▶ SOURCE RECORDS
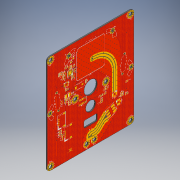
# Autodesk Inventor part: +XPanel_PCB
Saved by Autodesk Inventor 2018 (Build 220112000, 112)
## iProperties
Created: 2018-10-25
Part Number: +XPanel_PCB
Material: Epoxy Resin
Document SubType Name: Modeling
Designer: Bradley
Density: 1.14 g/cm^3
Appearance: Smooth - Dark Gray
Author: Bradley
Autodesk Inventor part; units mm, degrees
ref_plane "YZ Plane" through (0, 0, 0) normal (1, 0, 0) x (0, 1, 0)
ref_plane "XZ Plane" through (0, 0, 0) normal (0, 1, 0) x (-1, 0, 0)
ref_plane "XY Plane" through (0, 0, 0) normal (0, 0, 1) x (1, 0, 0)
sketch "Sketch1" plane through (0, 0, 0) normal (1, 0, 0) x (0, 1, 0)
  line L0 (36.5, -42) -> (-36.5, -42) construction
  line L1 (-36.5, -42) -> (-36.5, 42) construction
  line L2 (-36.5, 42) -> (36.5, 42) construction
  line L3 (36.5, 42) -> (36.5, -42) construction
  line L4 (36.5, -42) -> (-36.5, 42) construction
  line L5 (-36.5, -42) -> (36.5, 42) construction
  line L6 (-14, 0) -> (14, 0) construction
  line L7 (-39.5, -42) -> (-39.5, 42)
  arc A0 (-36.5, 45) -> (-39.5, 42) centre (-36.5, 42) ccw
  line L8 (-36.5, 45) -> (36.5, 45)
  arc A1 (39.5, 42) -> (36.5, 45) centre (36.5, 42) ccw
  line L9 (39.5, 42) -> (39.5, -42)
  arc A2 (36.5, -45) -> (39.5, -42) centre (36.5, -42) ccw
  line L10 (36.5, -45) -> (-36.5, -45)
  arc A3 (-39.5, -42) -> (-36.5, -45) centre (-36.5, -42) ccw
  point P0 (0, 0)
  point P1 (0, 0)
  dimension "d2" = 28
  dimension "d3" = 79
  dimension "d117" = 3
  dimension "d118" = 90
  dimension "d119" = 84
  dimension "d120" = 73
  constraints: 22 end point, 8 point on circle, 6 tangent, 4 centre point, 4 coincident, 4 midpoint, 4 parallel, 2 horizontal, 2 perpendicular, 1 equal radius, 1 vertical
  measures "d2" distance of L6.start L6.end
  measures "d3" distance between parallel lines of L9 L7
  measures "d117" radius of A0
  measures "d118" distance between parallel lines of L10 L8
  measures "d119" distance of L0.end L1.end
  measures "d120" distance of L1.end L2.end
extrude "Extrusion1" add sketch "Sketch1" along normal mid plane 1
sketch "Sketch3" plane through (0.5, 0, 0) normal (1, 0, 0) x (0, 0, -1)
  circle A0 centre (-2.5, 0) radius 6
  circle A1 centre (12.35, 0) radius 4.5
  line L0 (26, -6) -> (22, -6)
  line L1 (21, -5) -> (21, 5)
  line L2 (22, 6) -> (26, 6)
  line L3 (27, 5) -> (27, -5)
  line L4 (27, -6) -> (21, 6) construction
  line L5 (21, -6) -> (27, 6) construction
  arc A2 (21, -5) -> (22, -6) centre (22, -5) ccw
  arc A3 (26, -6) -> (27, -5) centre (26, -5) ccw
  arc A4 (27, 5) -> (26, 6) centre (26, 5) ccw
  arc A5 (22, 6) -> (21, 5) centre (22, 5) ccw
  point P0 (0, 0)
  point P1 (24, 0)
  point P2 (24, 0)
  dimension "d15" = 2.5
  dimension "d16" = 12
  dimension "d17" = 14.85
  dimension "d18" = 9
  dimension "d84" = 24
  dimension "d85" = 12
  dimension "d86" = 6
  dimension "d87" = 1
  constraints: 12 end point, 8 point on circle, 8 point on line, 8 tangent, 6 centre point, 3 equal radius, 3 horizontal alignment, 3 midpoint, 2 parallel, 1 horizontal, 1 perpendicular
  measures "d15" distance of point (0, 0) A0.centre
  measures "d16" diameter of A0
  measures "d17" distance of A1.centre A0.centre
  measures "d18" diameter of A1
  measures "d84" distance of point (0, 0) point (24, 0)
  measures "d85" distance of L5.start L4.end
  measures "d86" distance of L4.start L5.start
  measures "d87" radius of A2
extrude "Extrusion2" cut sketch "Sketch3" against normal through all
sketch "Sketch17" plane through (0.5, 0, 0) normal (1, 0, 0) x (0, 0, -1)
  line L0 (-45, 36.5) -> (-45, -36.5) projected
  line L1 (45, -36.5) -> (45, 36.5) projected
  line L2 (-45, -39.5061) -> (-45, 39.5061) construction
  line L3 (-45, 39.5061) -> (45, 39.5061) construction
  line L4 (45, 39.5061) -> (45, -39.5061) construction
  line L5 (45, -39.5061) -> (-45, -39.5061) construction
  point P0 (0, 0)
  point P1 (-45, 0)
  point P2 (-45, 0)
  constraints: 3 midpoint, 2 collinear, 2 other
decal "Decal4"
sketch "Sketch18" plane through (-0.5, 0, 0) normal (-1, 0, 0) x (0, 0, 1)
  line L0 (45, 39.5061) -> (45, -39.5061) construction
  line L1 (45, -39.5061) -> (-45, -39.5061) construction
  line L2 (-45, -39.5061) -> (-45, 39.5061) construction
  line L3 (-45, 39.5061) -> (45, 39.5061) construction
  line L4 (45, -36.5) -> (45, 36.5) projected
  line L5 (-45, 36.5) -> (-45, -36.5) projected
  point P0 (0, 0)
  point P1 (45, 0)
  constraints: 2 collinear, 2 midpoint, 2 other
decal "Decal5"
sketch "Sketch19" plane through (0.5, 0, 0) normal (1, 0, 0) x (0, 0, -1)
  point P0 (0, 0)
  point P1 (0, -14)
  point P2 (42, 36.5)
  point P3 (42, -36.5)
  point P4 (-42, -36.5)
  point P5 (0, 14)
  point P6 (-42, 36.5)
  constraints: 7 other
hole "Hole15" at (0.5, -14, 0) at (0.5, 36.5, -42) at (0.5, -36.5, -42) at (0.5, -36.5, 42) at (0.5, 14, 0) at (0.5, 36.5, 42) direction (-1, 0, 0) diameter 3.3 end through all
sketch "Sketch20" plane through (0.5, 0, 0) normal (1, 0, 0) x (0, 0, -1)
  point P0 (0, 0)
  point P1 (40.5, -3.5)
  point P2 (40.5, 3.5)
  constraints: 2 other
hole "Hole16" at (0.5, -3.5, -40.5) at (0.5, 3.5, -40.5) direction (-1, 0, 0) diameter 3 end through all
sketch "Sketch21" plane through (0.5, 0, 0) normal (1, 0, 0) x (0, 0, -1)
  point P0 (0, 0)
  point P1 (0, 37)
  point P2 (-37, 20)
  point P3 (0, -37)
  point P4 (-37, -20)
  constraints: 5 other
hole "Hole17" at (0.5, 37, 0) at (0.5, 20, 37) at (0.5, -37, 0) at (0.5, -20, 37) direction (-1, 0, 0) diameter 2.2 end through all
sketch "Sketch22" plane through (0.5, 0, 0) normal (1, 0, 0) x (0, 0, -1)
  point P0 (0, 0)
  point P1 (-13.444, 30.914)
  point P2 (1.444, -29.086)
  point P3 (-13.444, -30.914)
  point P4 (1.444, 29.086)
  constraints: 5 other
hole "Hole18" at (0.5, 30.914, 13.444) at (0.5, -29.086, -1.444) at (0.5, -30.914, 13.444) at (0.5, 29.086, -1.444) direction (-1, 0, 0) diameter 1 end through all
sketch "Sketch23" plane through (0.5, 0, 0) normal (1, 0, 0) x (0, 0, -1)
  point P0 (0, 0)
  point P1 (-24.25, 1.75)
  constraints: 1 other
hole "Hole19" at (0.5, 1.75, 24.25) direction (-1, 0, 0) diameter 0.95 end through all
sketch "Sketch24" plane through (0.5, 0, 0) normal (1, 0, 0) x (0, 0, -1)
  point P0 (0, 0)
  point P1 (36, 1)
  point P2 (36, -1)
  constraints: 2 other
hole "Hole20" at (0.5, 1, -36) at (0.5, -1, -36) direction (-1, 0, 0) diameter 0.7 end through all
sketch "Sketch25" plane through (0.5, 0, 0) normal (1, 0, 0) x (0, 0, -1)
  point P0 (0, 0)
  point P1 (-44.187, -37.211)
  point P2 (-44.187, -35.789)
  point P3 (-43.352, -34.639)
  point P4 (-42, -34.2)
  point P5 (43.352, -34.639)
  point P6 (44.187, -35.789)
  point P7 (44.187, -37.211)
  point P8 (43.352, -38.361)
  point P9 (42, -38.8)
  point P10 (40.648, -38.361)
  point P11 (39.813, -37.211)
  point P12 (39.813, -35.789)
  point P13 (40.648, -34.639)
  point P14 (42, -34.2)
  point P15 (2.187, -13.289)
  point P16 (2.187, -14.711)
  point P17 (1.352, -15.861)
  point P18 (0, -16.3)
  point P19 (-1.352, -15.861)
  point P20 (-2.187, -14.711)
  point P21 (-2.187, -13.289)
  point P22 (-1.352, -12.139)
  point P23 (0, -11.7)
  point P24 (38.4, -3.5)
  point P25 (39.015, -2.015)
  point P26 (40.5, -1.4)
  point P27 (41.985, 4.985)
  point P28 (42.6, 3.5)
  point P29 (41.985, 2.015)
  point P30 (40.5, 1.4)
  point P31 (39.015, 2.015)
  point P32 (38.4, 3.5)
  point P33 (39.015, 4.985)
  point P34 (40.5, 5.6)
  point P35 (1.352, -12.139)
  point P36 (-43.352, 38.361)
  point P37 (-42, 38.8)
  point P38 (-40.648, -34.639)
  point P39 (1.352, 15.861)
  point P40 (2.187, 14.711)
  point P41 (2.187, 13.289)
  point P42 (1.352, 12.139)
  point P43 (0, 11.7)
  point P44 (-1.352, 12.139)
  point P45 (-2.187, 13.289)
  point P46 (-2.187, 14.711)
  point P47 (-1.352, 15.861)
  point P48 (0, 16.3)
  point P49 (-39.813, -35.789)
  point P50 (43.352, 38.361)
  point P51 (44.187, 37.211)
  point P52 (44.187, 35.789)
  point P53 (43.352, 34.639)
  point P54 (42, 34.2)
  point P55 (40.648, 34.639)
  point P56 (39.813, 35.789)
  point P57 (39.813, 37.211)
  point P58 (40.648, 38.361)
  point P59 (42, 38.8)
  point P60 (-39.813, -37.211)
  point P61 (-40.648, 38.361)
  point P62 (-39.813, 37.211)
  point P63 (-39.813, 35.789)
  point P64 (-40.648, 34.639)
  point P65 (-42, 34.2)
  point P66 (-43.352, 34.639)
  point P67 (-44.187, 35.789)
  point P68 (39.015, -4.985)
  point P69 (40.5, -5.6)
  point P70 (41.985, -4.985)
  point P71 (42.6, -3.5)
  point P72 (41.985, -2.015)
  point P73 (-40.648, -38.361)
  point P74 (-42, -38.8)
  point P75 (-43.352, -38.361)
  point P76 (-44.187, 37.211)
  constraints: 56 other
hole "Hole21" at (0.5, -37.211, 44.187) at (0.5, -35.789, 44.187) at (0.5, -34.639, 43.352) at (0.5, -34.2, 42) at (0.5, -34.639, -43.352) at (0.5, -35.789, -44.187) at (0.5, -37.211, -44.187) at (0.5, -38.361, -43.352) at (0.5, -38.8, -42) at (0.5, -38.361, -40.648) at (0.5, -37.211, -39.813) at (0.5, -35.789, -39.813) at (0.5, -34.639, -40.648) at (0.5, -34.2, -42) at (0.5, -13.289, -2.187) at (0.5, -14.711, -2.187) at (0.5, -15.861, -1.352) at (0.5, -16.3, 0) at (0.5, -15.861, 1.352) at (0.5, -14.711, 2.187) at (0.5, -13.289, 2.187) at (0.5, -12.139, 1.352) at (0.5, -11.7, 0) at (0.5, -3.5, -38.4) at (0.5, -2.015, -39.015) at (0.5, -1.4, -40.5) at (0.5, 4.985, -41.985) at (0.5, 3.5, -42.6) at (0.5, 2.015, -41.985) at (0.5, 1.4, -40.5) at (0.5, 2.015, -39.015) at (0.5, 3.5, -38.4) at (0.5, 4.985, -39.015) at (0.5, 5.6, -40.5) at (0.5, -12.139, -1.352) at (0.5, 38.361, 43.352) at (0.5, 38.8, 42) at (0.5, -34.639, 40.648) at (0.5, 15.861, -1.352) at (0.5, 14.711, -2.187) at (0.5, 13.289, -2.187) at (0.5, 12.139, -1.352) at (0.5, 11.7, 0) at (0.5, 12.139, 1.352) at (0.5, 13.289, 2.187) at (0.5, 14.711, 2.187) at (0.5, 15.861, 1.352) at (0.5, 16.3, 0) at (0.5, -35.789, 39.813) at (0.5, 38.361, -43.352) direction (-1, 0, 0) diameter 0.45 end through all and at (0.5, 37.211, -44.187) (0.5, 35.789, -44.187) (0.5, 34.639, -43.352) (0.5, 34.2, -42) (0.5, 34.639, -40.648) (0.5, 35.789, -39.813) (0.5, 37.211, -39.813) (0.5, 38.361, -40.648) (0.5, 38.8, -42) (0.5, -37.211, 39.813) (0.5, 38.361, 40.648) (0.5, 37.211, 39.813) (0.5, 35.789, 39.813) (0.5, 34.639, 40.648) (0.5, 34.2, 42) (0.5, 34.639, 43.352) (0.5, 35.789, 44.187) (0.5, -4.985, -39.015) (0.5, -5.6, -40.5) (0.5, -4.985, -41.985) (0.5, -3.5, -42.6) (0.5, -2.015, -41.985) (0.5, -38.361, 40.648) (0.5, -38.8, 42) (0.5, -38.361, 43.352) (0.5, 37.211, 44.187)
sketch "Sketch26" plane through (0.5, 0, 0) normal (1, 0, 0) x (0, 0, -1)
  point P0 (0, 0)
  point P1 (-25.857, -13.857)
  point P2 (-7.735, -16.565)
  point P3 (-10, -19)
  point P4 (-3, -18)
  point P5 (-5, -18)
  point P6 (-10, -20)
  point P7 (-10, -22.095)
  point P8 (-27, -21)
  point P9 (-12, -12)
  point P10 (-5.627, -13.373)
  point P11 (8, 10)
  point P12 (-10, -1)
  point P13 (-7.15, -17.15)
  point P14 (-7, -15)
  point P15 (-27, -19.525)
  point P16 (-27, -23)
  point P17 (-4, -24)
  point P18 (-2.095, -20)
  point P19 (-30, -16.585)
  point P20 (-31, -15.415)
  point P21 (-17.75, -23)
  point P22 (-9, -22.095)
  point P23 (-10.585, -20.925)
  point P24 (-26, -21)
  point P25 (-19.95, -21.95)
  point P26 (-21.965, -23)
  point P27 (-25, -22)
  point P28 (-3, -17)
  point P29 (-5, -16)
  point P30 (-10, -16)
  point P31 (-9, -17)
  point P32 (-17.365, -15.585)
  point P33 (-17.574, -14.34)
  point P34 (8, -31)
  point P35 (23, -28)
  point P36 (3, -31)
  point P37 (3, -36)
  point P38 (-19, -27)
  point P39 (0, -22)
  point P40 (-20.17, -19.285)
  point P41 (-20.46, -16.916)
  point P42 (-14, -23.895)
  point P43 (-28, -16)
  point P44 (-16, -25.065)
  point P45 (6.775, -4)
  point P46 (4.955, -8)
  point P47 (6, -12)
  point P48 (-6, -26)
  point P49 (-11, -19)
  point P50 (-5.75, -24.75)
  point P51 (5, -3)
  point P52 (9, -5)
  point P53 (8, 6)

▶ WHAT IS BEING ASKED
Take the lines above from the one containing "point P1 (45, 0)" down to the one containing "point P9 (42, -38.8)", and transcribe them exactly, both ends included.

▶ TASK RESULT
  point P1 (45, 0)
  constraints: 2 collinear, 2 midpoint, 2 other
decal "Decal5"
sketch "Sketch19" plane through (0.5, 0, 0) normal (1, 0, 0) x (0, 0, -1)
  point P0 (0, 0)
  point P1 (0, -14)
  point P2 (42, 36.5)
  point P3 (42, -36.5)
  point P4 (-42, -36.5)
  point P5 (0, 14)
  point P6 (-42, 36.5)
  constraints: 7 other
hole "Hole15" at (0.5, -14, 0) at (0.5, 36.5, -42) at (0.5, -36.5, -42) at (0.5, -36.5, 42) at (0.5, 14, 0) at (0.5, 36.5, 42) direction (-1, 0, 0) diameter 3.3 end through all
sketch "Sketch20" plane through (0.5, 0, 0) normal (1, 0, 0) x (0, 0, -1)
  point P0 (0, 0)
  point P1 (40.5, -3.5)
  point P2 (40.5, 3.5)
  constraints: 2 other
hole "Hole16" at (0.5, -3.5, -40.5) at (0.5, 3.5, -40.5) direction (-1, 0, 0) diameter 3 end through all
sketch "Sketch21" plane through (0.5, 0, 0) normal (1, 0, 0) x (0, 0, -1)
  point P0 (0, 0)
  point P1 (0, 37)
  point P2 (-37, 20)
  point P3 (0, -37)
  point P4 (-37, -20)
  constraints: 5 other
hole "Hole17" at (0.5, 37, 0) at (0.5, 20, 37) at (0.5, -37, 0) at (0.5, -20, 37) direction (-1, 0, 0) diameter 2.2 end through all
sketch "Sketch22" plane through (0.5, 0, 0) normal (1, 0, 0) x (0, 0, -1)
  point P0 (0, 0)
  point P1 (-13.444, 30.914)
  point P2 (1.444, -29.086)
  point P3 (-13.444, -30.914)
  point P4 (1.444, 29.086)
  constraints: 5 other
hole "Hole18" at (0.5, 30.914, 13.444) at (0.5, -29.086, -1.444) at (0.5, -30.914, 13.444) at (0.5, 29.086, -1.444) direction (-1, 0, 0) diameter 1 end through all
sketch "Sketch23" plane through (0.5, 0, 0) normal (1, 0, 0) x (0, 0, -1)
  point P0 (0, 0)
  point P1 (-24.25, 1.75)
  constraints: 1 other
hole "Hole19" at (0.5, 1.75, 24.25) direction (-1, 0, 0) diameter 0.95 end through all
sketch "Sketch24" plane through (0.5, 0, 0) normal (1, 0, 0) x (0, 0, -1)
  point P0 (0, 0)
  point P1 (36, 1)
  point P2 (36, -1)
  constraints: 2 other
hole "Hole20" at (0.5, 1, -36) at (0.5, -1, -36) direction (-1, 0, 0) diameter 0.7 end through all
sketch "Sketch25" plane through (0.5, 0, 0) normal (1, 0, 0) x (0, 0, -1)
  point P0 (0, 0)
  point P1 (-44.187, -37.211)
  point P2 (-44.187, -35.789)
  point P3 (-43.352, -34.639)
  point P4 (-42, -34.2)
  point P5 (43.352, -34.639)
  point P6 (44.187, -35.789)
  point P7 (44.187, -37.211)
  point P8 (43.352, -38.361)
  point P9 (42, -38.8)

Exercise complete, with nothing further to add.